▶ [Task details]: Below are some records. Return exactly the lines from the one with "#184=DIRECTION('',(0.,0.,-1.));" to the one with "#228=VERTEX_POINT('',#227);", and nothing else.

Items from a data source:
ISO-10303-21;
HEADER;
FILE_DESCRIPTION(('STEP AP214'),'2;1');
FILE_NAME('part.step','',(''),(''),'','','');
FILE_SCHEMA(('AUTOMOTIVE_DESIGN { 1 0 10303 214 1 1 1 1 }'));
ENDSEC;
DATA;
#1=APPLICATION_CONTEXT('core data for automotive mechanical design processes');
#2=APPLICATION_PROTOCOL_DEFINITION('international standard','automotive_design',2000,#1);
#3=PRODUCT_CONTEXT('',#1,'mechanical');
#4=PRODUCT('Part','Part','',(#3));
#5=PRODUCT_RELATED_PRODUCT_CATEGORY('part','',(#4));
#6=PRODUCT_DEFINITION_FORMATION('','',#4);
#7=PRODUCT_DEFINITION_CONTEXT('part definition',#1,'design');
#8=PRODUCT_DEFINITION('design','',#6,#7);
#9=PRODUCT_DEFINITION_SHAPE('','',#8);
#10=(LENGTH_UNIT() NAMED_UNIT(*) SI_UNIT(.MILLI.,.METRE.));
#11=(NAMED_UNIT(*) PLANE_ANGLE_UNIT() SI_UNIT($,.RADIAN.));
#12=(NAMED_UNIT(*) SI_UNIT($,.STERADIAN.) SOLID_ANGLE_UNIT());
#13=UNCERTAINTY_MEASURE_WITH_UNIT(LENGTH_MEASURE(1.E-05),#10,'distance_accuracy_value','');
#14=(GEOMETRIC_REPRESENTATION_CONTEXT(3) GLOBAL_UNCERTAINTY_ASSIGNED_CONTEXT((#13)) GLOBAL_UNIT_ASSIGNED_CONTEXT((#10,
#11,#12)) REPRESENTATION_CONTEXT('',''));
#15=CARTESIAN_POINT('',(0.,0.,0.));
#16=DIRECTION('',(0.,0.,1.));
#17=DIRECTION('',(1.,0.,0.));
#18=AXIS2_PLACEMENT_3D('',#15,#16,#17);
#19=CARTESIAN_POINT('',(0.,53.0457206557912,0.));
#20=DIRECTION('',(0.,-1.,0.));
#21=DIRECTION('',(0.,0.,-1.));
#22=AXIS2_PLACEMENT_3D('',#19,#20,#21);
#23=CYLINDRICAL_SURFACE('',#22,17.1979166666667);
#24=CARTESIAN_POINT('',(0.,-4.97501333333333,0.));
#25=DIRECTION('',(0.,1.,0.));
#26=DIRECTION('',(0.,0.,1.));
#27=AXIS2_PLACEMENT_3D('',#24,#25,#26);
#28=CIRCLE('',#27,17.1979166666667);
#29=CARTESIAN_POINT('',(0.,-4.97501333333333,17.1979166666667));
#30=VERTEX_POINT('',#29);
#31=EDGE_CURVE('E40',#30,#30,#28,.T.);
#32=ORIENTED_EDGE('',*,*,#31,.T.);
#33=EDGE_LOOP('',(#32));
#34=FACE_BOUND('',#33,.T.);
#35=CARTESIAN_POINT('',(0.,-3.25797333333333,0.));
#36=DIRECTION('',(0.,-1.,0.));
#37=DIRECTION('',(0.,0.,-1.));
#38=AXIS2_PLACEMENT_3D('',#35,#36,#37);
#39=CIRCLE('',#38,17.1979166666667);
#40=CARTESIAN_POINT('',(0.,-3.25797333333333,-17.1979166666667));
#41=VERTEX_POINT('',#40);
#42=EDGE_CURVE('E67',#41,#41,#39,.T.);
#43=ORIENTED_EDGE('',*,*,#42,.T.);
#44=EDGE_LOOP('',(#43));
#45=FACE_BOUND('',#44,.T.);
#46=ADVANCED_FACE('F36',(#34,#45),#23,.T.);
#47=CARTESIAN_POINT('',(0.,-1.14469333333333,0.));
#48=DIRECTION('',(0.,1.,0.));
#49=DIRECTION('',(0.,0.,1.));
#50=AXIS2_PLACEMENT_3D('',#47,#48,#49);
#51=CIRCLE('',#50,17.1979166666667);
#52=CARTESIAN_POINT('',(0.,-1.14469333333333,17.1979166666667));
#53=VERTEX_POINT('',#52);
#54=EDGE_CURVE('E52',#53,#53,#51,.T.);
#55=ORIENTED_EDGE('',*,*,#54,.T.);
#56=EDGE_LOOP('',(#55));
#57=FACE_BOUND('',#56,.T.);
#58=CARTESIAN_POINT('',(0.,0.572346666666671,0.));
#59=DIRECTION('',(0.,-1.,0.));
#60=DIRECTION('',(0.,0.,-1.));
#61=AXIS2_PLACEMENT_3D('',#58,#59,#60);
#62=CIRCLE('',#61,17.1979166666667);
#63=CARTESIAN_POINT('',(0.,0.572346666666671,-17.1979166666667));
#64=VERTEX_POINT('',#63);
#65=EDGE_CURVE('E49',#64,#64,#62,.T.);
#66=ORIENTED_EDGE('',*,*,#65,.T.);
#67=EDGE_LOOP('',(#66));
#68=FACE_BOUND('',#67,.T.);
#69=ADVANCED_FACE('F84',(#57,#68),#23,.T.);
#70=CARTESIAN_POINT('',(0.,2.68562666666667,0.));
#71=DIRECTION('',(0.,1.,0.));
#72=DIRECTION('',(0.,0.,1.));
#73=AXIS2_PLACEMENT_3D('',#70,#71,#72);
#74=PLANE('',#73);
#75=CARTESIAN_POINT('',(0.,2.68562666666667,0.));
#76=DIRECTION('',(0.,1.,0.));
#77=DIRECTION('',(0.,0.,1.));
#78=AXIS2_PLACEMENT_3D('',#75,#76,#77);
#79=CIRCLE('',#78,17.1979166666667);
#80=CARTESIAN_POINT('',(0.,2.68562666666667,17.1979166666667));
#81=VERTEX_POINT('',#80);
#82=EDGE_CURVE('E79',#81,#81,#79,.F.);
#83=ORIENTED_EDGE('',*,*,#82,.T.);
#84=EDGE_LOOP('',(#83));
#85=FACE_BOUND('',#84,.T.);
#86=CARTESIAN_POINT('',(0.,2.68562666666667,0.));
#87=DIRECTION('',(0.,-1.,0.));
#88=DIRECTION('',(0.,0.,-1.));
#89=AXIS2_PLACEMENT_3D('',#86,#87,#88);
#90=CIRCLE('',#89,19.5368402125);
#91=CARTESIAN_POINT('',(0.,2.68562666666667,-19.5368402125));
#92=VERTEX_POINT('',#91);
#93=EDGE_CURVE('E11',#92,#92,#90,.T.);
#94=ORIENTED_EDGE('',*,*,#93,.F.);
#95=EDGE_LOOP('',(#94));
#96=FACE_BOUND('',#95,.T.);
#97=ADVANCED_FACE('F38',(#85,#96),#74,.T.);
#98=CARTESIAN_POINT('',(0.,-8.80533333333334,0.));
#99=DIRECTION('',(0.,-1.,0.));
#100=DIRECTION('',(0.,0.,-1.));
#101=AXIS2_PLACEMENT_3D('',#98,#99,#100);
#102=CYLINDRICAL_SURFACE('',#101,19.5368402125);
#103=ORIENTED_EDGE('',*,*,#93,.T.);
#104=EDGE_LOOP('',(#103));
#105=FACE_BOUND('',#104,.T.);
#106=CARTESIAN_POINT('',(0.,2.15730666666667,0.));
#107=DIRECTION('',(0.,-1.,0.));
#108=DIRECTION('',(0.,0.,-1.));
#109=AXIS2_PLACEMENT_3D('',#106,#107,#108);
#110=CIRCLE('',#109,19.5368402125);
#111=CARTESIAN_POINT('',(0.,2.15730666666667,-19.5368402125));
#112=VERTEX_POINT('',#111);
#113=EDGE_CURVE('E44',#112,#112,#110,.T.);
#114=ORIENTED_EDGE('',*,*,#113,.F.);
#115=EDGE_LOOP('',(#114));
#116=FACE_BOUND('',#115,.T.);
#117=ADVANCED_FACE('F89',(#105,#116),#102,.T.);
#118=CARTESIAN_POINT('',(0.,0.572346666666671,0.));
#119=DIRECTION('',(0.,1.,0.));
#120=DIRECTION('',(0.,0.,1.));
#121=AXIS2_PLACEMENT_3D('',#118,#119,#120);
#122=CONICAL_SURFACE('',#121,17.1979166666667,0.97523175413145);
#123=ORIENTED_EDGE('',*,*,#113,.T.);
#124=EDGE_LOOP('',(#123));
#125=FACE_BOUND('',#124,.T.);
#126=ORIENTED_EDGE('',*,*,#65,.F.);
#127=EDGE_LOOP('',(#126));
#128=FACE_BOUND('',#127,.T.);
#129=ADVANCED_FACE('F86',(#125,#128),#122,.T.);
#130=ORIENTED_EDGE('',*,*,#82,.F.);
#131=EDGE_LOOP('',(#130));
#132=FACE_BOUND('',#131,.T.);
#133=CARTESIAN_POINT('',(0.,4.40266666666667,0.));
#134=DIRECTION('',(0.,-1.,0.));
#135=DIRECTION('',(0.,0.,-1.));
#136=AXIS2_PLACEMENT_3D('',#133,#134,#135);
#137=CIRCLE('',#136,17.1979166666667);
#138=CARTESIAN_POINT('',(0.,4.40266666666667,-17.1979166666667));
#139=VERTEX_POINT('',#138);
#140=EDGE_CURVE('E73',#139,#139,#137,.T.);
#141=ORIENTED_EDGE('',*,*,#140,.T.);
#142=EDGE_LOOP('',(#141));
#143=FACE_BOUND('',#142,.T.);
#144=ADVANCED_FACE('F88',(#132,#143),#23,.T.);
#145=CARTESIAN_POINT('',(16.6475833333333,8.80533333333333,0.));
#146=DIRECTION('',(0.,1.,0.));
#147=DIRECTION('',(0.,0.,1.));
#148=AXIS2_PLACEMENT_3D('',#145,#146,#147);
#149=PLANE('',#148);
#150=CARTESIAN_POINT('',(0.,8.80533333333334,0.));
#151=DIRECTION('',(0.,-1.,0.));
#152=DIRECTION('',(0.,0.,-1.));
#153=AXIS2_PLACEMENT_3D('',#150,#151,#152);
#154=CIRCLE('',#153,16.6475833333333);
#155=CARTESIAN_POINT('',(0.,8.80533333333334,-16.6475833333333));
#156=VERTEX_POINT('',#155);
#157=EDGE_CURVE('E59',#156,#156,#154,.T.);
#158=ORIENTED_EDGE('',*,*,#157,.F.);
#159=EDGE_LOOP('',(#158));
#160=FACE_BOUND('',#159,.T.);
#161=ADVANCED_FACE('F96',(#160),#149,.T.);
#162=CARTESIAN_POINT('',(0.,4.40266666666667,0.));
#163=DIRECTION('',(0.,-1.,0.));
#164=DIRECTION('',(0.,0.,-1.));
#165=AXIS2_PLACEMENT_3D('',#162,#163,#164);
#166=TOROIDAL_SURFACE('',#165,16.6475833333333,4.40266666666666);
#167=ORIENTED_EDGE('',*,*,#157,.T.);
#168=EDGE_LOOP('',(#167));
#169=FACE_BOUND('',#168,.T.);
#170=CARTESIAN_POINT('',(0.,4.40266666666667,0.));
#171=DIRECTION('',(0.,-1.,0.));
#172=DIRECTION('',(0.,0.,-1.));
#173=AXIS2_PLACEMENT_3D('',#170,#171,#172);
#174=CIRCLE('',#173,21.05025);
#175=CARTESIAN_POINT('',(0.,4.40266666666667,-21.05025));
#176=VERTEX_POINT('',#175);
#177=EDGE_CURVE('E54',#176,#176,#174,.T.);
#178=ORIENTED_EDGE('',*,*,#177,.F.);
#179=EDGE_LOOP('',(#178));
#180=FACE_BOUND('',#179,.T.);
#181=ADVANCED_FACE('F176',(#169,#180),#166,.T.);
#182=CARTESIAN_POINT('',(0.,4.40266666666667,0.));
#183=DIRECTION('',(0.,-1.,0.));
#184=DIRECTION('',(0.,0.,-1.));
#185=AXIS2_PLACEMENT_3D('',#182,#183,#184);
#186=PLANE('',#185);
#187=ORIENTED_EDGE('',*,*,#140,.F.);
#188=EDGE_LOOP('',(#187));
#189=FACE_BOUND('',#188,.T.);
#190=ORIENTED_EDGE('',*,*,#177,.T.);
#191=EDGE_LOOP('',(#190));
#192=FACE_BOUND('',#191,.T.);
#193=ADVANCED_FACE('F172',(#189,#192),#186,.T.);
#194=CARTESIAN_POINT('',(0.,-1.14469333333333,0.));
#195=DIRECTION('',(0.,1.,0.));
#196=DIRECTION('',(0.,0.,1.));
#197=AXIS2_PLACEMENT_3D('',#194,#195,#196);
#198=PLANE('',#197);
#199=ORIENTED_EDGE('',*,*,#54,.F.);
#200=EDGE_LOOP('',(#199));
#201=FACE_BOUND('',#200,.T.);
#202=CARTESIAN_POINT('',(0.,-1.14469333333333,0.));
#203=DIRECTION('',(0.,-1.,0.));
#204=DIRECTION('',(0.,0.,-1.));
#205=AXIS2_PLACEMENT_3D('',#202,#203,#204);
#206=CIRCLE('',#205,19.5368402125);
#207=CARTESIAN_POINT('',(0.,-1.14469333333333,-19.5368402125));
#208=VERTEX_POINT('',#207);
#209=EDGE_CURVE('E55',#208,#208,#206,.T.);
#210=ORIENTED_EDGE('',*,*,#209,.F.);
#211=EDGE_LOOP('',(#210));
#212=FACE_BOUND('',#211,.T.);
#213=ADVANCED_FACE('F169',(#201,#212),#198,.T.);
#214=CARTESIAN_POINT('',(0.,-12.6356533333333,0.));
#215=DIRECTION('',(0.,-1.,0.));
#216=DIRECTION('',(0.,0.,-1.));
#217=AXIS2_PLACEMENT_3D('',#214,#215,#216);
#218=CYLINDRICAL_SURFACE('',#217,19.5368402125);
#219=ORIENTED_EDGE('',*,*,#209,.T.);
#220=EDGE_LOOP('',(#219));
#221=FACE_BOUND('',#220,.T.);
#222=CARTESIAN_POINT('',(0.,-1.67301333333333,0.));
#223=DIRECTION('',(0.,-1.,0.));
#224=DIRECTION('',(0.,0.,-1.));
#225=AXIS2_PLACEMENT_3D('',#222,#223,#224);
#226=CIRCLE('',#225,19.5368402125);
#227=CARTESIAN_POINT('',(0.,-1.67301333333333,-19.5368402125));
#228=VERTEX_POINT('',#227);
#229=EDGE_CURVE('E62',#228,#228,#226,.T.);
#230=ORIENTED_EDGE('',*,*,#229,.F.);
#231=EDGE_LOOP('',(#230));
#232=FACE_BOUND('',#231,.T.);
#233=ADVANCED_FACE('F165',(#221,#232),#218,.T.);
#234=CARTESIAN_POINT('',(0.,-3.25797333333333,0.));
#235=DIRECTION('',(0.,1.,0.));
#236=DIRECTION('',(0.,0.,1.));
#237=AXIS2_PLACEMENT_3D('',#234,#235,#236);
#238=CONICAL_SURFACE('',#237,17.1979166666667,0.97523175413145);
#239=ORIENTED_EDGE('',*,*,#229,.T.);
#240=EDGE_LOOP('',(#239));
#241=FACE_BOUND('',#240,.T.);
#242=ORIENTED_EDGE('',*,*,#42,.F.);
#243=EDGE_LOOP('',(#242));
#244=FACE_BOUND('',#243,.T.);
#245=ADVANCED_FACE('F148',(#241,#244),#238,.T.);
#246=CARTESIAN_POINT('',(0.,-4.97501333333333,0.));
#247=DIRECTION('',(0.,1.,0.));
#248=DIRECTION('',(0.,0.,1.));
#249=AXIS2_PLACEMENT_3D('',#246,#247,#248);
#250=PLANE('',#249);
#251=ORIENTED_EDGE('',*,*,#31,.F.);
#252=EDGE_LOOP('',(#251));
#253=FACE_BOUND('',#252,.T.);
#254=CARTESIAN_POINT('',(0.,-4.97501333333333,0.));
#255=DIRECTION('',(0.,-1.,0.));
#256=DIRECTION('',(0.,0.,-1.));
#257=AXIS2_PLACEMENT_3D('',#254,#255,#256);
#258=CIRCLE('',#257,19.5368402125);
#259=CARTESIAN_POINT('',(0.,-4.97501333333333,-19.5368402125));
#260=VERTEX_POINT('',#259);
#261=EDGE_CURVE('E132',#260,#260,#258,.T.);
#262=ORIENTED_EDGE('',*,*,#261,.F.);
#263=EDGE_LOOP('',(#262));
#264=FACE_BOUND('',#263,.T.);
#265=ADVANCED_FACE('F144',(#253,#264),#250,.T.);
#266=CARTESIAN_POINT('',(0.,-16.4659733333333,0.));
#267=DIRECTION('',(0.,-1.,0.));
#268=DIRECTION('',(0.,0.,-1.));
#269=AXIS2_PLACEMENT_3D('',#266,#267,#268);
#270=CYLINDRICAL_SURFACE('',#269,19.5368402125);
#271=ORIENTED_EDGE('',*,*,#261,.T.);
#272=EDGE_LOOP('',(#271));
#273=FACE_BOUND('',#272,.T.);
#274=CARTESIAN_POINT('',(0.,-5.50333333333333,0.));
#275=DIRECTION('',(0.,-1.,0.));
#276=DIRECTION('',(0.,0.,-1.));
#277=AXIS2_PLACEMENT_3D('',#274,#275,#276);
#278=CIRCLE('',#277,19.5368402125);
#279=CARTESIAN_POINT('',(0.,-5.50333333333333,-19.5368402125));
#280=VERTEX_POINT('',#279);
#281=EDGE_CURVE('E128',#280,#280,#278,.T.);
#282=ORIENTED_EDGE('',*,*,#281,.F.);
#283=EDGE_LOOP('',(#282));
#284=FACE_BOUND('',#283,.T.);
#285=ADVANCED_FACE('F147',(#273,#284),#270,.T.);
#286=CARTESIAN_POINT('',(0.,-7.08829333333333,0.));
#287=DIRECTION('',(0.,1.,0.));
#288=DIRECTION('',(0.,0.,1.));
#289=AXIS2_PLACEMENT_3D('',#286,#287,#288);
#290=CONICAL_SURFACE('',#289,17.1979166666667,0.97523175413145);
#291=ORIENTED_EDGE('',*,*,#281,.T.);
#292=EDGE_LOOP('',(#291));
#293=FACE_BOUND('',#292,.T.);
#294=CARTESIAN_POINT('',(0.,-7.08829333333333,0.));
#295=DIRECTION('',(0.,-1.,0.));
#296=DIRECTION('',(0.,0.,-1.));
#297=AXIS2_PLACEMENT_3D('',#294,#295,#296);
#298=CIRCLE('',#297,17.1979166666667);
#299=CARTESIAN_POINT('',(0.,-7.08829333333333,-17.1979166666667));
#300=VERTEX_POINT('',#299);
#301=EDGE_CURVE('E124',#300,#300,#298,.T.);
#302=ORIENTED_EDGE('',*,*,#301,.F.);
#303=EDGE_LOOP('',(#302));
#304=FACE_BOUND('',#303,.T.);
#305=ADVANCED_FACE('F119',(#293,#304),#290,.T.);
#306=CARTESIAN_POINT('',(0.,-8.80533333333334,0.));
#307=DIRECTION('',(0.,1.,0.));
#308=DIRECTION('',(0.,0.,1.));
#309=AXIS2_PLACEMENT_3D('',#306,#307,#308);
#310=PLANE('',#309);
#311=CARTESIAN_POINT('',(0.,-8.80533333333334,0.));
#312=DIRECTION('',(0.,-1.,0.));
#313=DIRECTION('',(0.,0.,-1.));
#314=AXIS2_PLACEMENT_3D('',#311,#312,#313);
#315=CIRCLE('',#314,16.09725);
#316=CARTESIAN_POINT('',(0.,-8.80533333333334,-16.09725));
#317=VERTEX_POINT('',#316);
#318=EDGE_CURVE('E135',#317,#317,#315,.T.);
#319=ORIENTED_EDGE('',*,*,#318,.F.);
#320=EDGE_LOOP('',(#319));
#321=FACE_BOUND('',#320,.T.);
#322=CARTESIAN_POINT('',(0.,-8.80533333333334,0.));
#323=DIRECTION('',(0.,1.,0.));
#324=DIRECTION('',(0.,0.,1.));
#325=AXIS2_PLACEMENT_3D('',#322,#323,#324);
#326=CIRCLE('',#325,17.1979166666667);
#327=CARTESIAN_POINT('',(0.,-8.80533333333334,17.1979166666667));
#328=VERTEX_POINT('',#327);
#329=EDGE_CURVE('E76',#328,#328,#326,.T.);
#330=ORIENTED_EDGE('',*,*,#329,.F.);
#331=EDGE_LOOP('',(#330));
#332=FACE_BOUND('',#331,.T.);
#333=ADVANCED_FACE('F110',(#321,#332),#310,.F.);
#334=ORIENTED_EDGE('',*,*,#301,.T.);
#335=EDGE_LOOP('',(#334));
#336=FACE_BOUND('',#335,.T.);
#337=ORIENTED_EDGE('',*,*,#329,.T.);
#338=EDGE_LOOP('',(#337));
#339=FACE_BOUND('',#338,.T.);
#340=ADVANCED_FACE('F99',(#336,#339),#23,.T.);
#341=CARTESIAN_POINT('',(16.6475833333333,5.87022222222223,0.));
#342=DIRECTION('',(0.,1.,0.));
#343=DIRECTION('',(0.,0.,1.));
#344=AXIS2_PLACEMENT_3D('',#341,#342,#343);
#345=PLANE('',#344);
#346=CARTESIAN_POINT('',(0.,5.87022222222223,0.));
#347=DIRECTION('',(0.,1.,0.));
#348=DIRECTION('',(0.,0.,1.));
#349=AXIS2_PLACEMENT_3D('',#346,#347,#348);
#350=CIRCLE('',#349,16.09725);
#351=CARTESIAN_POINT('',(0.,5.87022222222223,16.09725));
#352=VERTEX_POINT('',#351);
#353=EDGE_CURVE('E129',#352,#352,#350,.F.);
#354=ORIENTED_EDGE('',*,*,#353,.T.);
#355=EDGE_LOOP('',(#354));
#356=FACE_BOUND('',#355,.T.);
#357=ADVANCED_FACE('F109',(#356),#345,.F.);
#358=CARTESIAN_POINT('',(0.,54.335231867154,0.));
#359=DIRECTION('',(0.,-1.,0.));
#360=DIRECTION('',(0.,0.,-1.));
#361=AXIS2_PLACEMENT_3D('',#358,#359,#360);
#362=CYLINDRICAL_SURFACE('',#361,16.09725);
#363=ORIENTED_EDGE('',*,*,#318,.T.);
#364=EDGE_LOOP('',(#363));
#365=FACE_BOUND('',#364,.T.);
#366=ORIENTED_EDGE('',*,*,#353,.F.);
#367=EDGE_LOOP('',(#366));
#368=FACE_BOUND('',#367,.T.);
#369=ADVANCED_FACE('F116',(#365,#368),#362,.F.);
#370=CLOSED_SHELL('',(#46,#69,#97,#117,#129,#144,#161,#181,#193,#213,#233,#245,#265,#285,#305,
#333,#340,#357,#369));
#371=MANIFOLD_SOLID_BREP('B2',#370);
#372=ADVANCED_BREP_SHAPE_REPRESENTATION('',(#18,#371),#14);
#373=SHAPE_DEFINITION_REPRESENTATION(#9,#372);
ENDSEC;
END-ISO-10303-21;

▶ [Written response]:
#184=DIRECTION('',(0.,0.,-1.));
#185=AXIS2_PLACEMENT_3D('',#182,#183,#184);
#186=PLANE('',#185);
#187=ORIENTED_EDGE('',*,*,#140,.F.);
#188=EDGE_LOOP('',(#187));
#189=FACE_BOUND('',#188,.T.);
#190=ORIENTED_EDGE('',*,*,#177,.T.);
#191=EDGE_LOOP('',(#190));
#192=FACE_BOUND('',#191,.T.);
#193=ADVANCED_FACE('F172',(#189,#192),#186,.T.);
#194=CARTESIAN_POINT('',(0.,-1.14469333333333,0.));
#195=DIRECTION('',(0.,1.,0.));
#196=DIRECTION('',(0.,0.,1.));
#197=AXIS2_PLACEMENT_3D('',#194,#195,#196);
#198=PLANE('',#197);
#199=ORIENTED_EDGE('',*,*,#54,.F.);
#200=EDGE_LOOP('',(#199));
#201=FACE_BOUND('',#200,.T.);
#202=CARTESIAN_POINT('',(0.,-1.14469333333333,0.));
#203=DIRECTION('',(0.,-1.,0.));
#204=DIRECTION('',(0.,0.,-1.));
#205=AXIS2_PLACEMENT_3D('',#202,#203,#204);
#206=CIRCLE('',#205,19.5368402125);
#207=CARTESIAN_POINT('',(0.,-1.14469333333333,-19.5368402125));
#208=VERTEX_POINT('',#207);
#209=EDGE_CURVE('E55',#208,#208,#206,.T.);
#210=ORIENTED_EDGE('',*,*,#209,.F.);
#211=EDGE_LOOP('',(#210));
#212=FACE_BOUND('',#211,.T.);
#213=ADVANCED_FACE('F169',(#201,#212),#198,.T.);
#214=CARTESIAN_POINT('',(0.,-12.6356533333333,0.));
#215=DIRECTION('',(0.,-1.,0.));
#216=DIRECTION('',(0.,0.,-1.));
#217=AXIS2_PLACEMENT_3D('',#214,#215,#216);
#218=CYLINDRICAL_SURFACE('',#217,19.5368402125);
#219=ORIENTED_EDGE('',*,*,#209,.T.);
#220=EDGE_LOOP('',(#219));
#221=FACE_BOUND('',#220,.T.);
#222=CARTESIAN_POINT('',(0.,-1.67301333333333,0.));
#223=DIRECTION('',(0.,-1.,0.));
#224=DIRECTION('',(0.,0.,-1.));
#225=AXIS2_PLACEMENT_3D('',#222,#223,#224);
#226=CIRCLE('',#225,19.5368402125);
#227=CARTESIAN_POINT('',(0.,-1.67301333333333,-19.5368402125));
#228=VERTEX_POINT('',#227);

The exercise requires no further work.